▶ **Your goal**
Will you return, word for word, only the lines from the top of the data below down to and including the one with "spline S878 degree"?

▶ **Records to use**

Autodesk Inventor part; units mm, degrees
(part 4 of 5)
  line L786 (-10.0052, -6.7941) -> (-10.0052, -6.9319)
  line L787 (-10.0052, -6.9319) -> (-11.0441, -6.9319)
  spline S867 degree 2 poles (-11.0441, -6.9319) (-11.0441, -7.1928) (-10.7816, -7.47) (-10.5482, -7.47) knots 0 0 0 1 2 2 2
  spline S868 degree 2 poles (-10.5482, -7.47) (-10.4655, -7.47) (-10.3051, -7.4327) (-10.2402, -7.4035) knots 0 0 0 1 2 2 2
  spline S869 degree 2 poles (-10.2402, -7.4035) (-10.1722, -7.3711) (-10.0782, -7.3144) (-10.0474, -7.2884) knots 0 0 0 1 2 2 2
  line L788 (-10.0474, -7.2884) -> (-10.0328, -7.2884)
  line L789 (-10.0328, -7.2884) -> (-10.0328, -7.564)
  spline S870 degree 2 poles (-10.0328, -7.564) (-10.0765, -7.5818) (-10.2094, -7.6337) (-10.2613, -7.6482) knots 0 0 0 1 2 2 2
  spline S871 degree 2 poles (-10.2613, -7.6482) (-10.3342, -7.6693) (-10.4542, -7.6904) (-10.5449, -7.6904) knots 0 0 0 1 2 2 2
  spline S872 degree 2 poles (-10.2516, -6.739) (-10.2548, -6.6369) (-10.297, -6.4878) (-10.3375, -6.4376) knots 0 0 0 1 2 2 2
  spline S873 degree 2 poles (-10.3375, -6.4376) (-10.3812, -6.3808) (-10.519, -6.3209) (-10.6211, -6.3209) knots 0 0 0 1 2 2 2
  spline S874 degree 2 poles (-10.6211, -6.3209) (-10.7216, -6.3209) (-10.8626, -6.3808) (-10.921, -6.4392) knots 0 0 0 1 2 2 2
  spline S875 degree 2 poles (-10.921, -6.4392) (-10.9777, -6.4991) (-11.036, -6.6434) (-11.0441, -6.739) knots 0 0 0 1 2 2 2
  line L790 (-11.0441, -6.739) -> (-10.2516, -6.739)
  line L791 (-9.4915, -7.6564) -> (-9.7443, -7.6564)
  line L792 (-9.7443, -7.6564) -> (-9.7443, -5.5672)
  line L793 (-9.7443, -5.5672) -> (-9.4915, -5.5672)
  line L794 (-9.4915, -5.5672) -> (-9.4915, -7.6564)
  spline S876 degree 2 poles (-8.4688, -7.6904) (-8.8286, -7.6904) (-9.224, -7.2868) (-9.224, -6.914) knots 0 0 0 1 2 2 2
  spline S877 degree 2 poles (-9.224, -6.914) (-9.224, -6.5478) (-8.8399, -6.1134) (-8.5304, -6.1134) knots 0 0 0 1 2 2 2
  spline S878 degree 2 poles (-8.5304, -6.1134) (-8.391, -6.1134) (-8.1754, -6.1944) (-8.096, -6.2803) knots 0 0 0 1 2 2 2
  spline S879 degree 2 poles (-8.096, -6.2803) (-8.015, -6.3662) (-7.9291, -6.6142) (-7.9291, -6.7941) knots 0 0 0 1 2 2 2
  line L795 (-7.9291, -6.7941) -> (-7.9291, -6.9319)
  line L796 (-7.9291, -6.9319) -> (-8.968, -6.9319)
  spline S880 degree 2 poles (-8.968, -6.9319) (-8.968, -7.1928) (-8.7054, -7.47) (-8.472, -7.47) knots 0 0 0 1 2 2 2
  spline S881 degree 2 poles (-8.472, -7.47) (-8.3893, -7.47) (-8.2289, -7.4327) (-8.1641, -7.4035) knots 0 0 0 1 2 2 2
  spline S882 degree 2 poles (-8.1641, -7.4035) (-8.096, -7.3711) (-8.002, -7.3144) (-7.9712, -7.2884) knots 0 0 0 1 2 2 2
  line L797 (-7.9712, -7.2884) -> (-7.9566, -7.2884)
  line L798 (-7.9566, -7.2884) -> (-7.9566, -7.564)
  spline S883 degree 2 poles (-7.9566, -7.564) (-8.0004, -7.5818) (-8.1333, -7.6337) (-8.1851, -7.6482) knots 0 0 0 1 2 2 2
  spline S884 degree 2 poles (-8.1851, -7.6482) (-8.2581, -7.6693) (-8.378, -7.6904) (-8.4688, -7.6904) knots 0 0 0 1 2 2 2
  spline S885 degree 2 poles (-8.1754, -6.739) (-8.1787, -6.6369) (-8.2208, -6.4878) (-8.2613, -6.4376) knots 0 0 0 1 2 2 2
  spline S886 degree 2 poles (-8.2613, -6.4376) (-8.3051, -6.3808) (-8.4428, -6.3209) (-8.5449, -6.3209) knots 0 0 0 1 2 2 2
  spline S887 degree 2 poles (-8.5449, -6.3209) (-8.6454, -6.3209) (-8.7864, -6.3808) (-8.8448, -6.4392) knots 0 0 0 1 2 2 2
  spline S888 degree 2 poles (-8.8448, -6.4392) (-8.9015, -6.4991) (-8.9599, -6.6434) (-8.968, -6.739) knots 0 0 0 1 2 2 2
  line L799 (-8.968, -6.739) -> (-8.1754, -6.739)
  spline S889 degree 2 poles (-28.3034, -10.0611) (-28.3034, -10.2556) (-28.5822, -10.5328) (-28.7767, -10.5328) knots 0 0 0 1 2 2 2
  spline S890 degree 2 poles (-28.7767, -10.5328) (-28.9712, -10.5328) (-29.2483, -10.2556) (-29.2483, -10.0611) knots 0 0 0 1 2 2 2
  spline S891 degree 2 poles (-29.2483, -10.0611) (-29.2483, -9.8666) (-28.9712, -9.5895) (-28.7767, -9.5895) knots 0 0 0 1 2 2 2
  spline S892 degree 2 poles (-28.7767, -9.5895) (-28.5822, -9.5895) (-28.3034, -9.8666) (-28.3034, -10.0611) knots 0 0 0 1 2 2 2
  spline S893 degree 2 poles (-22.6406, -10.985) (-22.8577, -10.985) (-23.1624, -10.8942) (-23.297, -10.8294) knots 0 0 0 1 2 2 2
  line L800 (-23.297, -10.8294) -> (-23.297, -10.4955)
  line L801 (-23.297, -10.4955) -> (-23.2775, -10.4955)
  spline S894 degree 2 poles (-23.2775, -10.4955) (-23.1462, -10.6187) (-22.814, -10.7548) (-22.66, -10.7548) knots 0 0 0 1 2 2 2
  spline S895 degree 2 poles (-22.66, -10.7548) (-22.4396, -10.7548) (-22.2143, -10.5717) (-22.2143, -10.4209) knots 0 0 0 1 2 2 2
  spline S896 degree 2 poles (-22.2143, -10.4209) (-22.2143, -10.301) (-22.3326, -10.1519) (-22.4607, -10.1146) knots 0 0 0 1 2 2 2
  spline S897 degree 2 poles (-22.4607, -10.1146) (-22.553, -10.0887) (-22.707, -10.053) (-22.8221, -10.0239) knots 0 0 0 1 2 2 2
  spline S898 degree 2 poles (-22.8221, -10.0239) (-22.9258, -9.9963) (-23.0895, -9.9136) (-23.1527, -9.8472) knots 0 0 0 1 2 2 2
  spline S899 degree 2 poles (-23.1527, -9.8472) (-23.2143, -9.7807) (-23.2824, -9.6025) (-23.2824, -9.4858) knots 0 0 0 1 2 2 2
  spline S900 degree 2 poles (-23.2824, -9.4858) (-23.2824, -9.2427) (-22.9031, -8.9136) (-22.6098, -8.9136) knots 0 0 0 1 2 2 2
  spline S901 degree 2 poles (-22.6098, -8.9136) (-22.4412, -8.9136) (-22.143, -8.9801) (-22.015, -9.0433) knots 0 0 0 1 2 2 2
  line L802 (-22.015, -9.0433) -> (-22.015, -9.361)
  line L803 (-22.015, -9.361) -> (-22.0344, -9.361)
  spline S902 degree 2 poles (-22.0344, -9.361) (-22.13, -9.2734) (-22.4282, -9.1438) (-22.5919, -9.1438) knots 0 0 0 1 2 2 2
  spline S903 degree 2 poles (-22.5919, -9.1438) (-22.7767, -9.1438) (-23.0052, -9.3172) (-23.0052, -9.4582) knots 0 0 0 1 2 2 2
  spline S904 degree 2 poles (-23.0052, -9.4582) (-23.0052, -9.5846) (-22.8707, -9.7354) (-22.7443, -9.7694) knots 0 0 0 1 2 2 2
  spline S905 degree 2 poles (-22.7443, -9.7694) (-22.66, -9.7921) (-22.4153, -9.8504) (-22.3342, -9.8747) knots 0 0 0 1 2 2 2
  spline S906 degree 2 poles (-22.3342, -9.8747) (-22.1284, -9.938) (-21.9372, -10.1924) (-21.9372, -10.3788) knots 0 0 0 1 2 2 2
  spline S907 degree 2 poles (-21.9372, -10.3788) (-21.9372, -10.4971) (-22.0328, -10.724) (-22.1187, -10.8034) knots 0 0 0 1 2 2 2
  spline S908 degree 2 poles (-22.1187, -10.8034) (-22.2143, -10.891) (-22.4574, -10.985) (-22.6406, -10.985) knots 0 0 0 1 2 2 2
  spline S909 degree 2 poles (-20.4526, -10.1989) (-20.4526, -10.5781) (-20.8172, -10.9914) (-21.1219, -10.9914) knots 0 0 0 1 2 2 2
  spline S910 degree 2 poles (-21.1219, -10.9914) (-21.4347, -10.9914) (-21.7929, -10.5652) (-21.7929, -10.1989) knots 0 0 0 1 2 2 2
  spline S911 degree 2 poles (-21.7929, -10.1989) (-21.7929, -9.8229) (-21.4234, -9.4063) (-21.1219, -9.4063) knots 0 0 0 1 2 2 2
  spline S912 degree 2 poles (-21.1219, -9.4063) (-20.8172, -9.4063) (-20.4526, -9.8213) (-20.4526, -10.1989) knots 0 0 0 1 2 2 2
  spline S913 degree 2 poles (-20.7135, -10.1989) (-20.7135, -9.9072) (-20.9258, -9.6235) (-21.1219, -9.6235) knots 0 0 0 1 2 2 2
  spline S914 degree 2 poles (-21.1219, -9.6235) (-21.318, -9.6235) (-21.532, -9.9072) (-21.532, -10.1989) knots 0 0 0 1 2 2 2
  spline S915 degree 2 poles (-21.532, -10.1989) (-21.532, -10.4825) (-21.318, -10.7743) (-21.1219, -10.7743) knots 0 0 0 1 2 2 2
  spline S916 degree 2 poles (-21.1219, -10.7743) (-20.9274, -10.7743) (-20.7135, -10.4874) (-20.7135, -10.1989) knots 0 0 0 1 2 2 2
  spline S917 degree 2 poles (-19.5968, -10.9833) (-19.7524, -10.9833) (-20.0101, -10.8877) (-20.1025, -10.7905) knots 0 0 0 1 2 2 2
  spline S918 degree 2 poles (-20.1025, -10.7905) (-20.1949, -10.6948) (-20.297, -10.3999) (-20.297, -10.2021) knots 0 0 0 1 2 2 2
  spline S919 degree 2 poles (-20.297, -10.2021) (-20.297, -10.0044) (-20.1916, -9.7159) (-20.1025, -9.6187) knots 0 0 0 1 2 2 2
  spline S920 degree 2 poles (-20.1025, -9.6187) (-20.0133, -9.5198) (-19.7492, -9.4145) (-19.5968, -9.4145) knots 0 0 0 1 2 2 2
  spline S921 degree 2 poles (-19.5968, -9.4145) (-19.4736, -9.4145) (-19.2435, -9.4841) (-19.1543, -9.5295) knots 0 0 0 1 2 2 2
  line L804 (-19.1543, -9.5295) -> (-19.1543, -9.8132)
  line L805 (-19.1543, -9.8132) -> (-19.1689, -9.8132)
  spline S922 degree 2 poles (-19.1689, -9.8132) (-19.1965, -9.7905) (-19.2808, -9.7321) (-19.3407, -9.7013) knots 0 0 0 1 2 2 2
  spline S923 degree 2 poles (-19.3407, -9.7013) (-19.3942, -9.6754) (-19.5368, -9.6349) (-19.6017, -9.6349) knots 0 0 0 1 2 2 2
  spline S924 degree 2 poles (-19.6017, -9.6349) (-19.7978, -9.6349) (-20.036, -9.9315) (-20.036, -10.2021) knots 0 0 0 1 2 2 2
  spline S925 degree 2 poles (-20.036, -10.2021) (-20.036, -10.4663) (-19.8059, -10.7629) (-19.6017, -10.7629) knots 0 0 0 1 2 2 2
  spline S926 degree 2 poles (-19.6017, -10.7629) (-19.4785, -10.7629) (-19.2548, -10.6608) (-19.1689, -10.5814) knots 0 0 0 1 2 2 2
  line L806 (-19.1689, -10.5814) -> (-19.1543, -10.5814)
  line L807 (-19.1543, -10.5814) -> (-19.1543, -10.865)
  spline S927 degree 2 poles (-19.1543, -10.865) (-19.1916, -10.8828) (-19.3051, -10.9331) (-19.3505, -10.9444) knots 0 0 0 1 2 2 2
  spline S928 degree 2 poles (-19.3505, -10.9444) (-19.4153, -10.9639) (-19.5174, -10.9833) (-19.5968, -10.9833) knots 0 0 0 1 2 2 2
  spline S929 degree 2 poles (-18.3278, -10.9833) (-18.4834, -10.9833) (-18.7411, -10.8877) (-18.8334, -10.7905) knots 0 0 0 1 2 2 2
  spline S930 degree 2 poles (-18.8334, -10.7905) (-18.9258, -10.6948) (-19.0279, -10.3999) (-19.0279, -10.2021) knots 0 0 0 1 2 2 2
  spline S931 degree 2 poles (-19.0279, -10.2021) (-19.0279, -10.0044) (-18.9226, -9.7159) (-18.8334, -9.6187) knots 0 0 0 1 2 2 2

▶ **Written reply**
Autodesk Inventor part; units mm, degrees
(part 4 of 5)
  line L786 (-10.0052, -6.7941) -> (-10.0052, -6.9319)
  line L787 (-10.0052, -6.9319) -> (-11.0441, -6.9319)
  spline S867 degree 2 poles (-11.0441, -6.9319) (-11.0441, -7.1928) (-10.7816, -7.47) (-10.5482, -7.47) knots 0 0 0 1 2 2 2
  spline S868 degree 2 poles (-10.5482, -7.47) (-10.4655, -7.47) (-10.3051, -7.4327) (-10.2402, -7.4035) knots 0 0 0 1 2 2 2
  spline S869 degree 2 poles (-10.2402, -7.4035) (-10.1722, -7.3711) (-10.0782, -7.3144) (-10.0474, -7.2884) knots 0 0 0 1 2 2 2
  line L788 (-10.0474, -7.2884) -> (-10.0328, -7.2884)
  line L789 (-10.0328, -7.2884) -> (-10.0328, -7.564)
  spline S870 degree 2 poles (-10.0328, -7.564) (-10.0765, -7.5818) (-10.2094, -7.6337) (-10.2613, -7.6482) knots 0 0 0 1 2 2 2
  spline S871 degree 2 poles (-10.2613, -7.6482) (-10.3342, -7.6693) (-10.4542, -7.6904) (-10.5449, -7.6904) knots 0 0 0 1 2 2 2
  spline S872 degree 2 poles (-10.2516, -6.739) (-10.2548, -6.6369) (-10.297, -6.4878) (-10.3375, -6.4376) knots 0 0 0 1 2 2 2
  spline S873 degree 2 poles (-10.3375, -6.4376) (-10.3812, -6.3808) (-10.519, -6.3209) (-10.6211, -6.3209) knots 0 0 0 1 2 2 2
  spline S874 degree 2 poles (-10.6211, -6.3209) (-10.7216, -6.3209) (-10.8626, -6.3808) (-10.921, -6.4392) knots 0 0 0 1 2 2 2
  spline S875 degree 2 poles (-10.921, -6.4392) (-10.9777, -6.4991) (-11.036, -6.6434) (-11.0441, -6.739) knots 0 0 0 1 2 2 2
  line L790 (-11.0441, -6.739) -> (-10.2516, -6.739)
  line L791 (-9.4915, -7.6564) -> (-9.7443, -7.6564)
  line L792 (-9.7443, -7.6564) -> (-9.7443, -5.5672)
  line L793 (-9.7443, -5.5672) -> (-9.4915, -5.5672)
  line L794 (-9.4915, -5.5672) -> (-9.4915, -7.6564)
  spline S876 degree 2 poles (-8.4688, -7.6904) (-8.8286, -7.6904) (-9.224, -7.2868) (-9.224, -6.914) knots 0 0 0 1 2 2 2
  spline S877 degree 2 poles (-9.224, -6.914) (-9.224, -6.5478) (-8.8399, -6.1134) (-8.5304, -6.1134) knots 0 0 0 1 2 2 2
  spline S878 degree 2 poles (-8.5304, -6.1134) (-8.391, -6.1134) (-8.1754, -6.1944) (-8.096, -6.2803) knots 0 0 0 1 2 2 2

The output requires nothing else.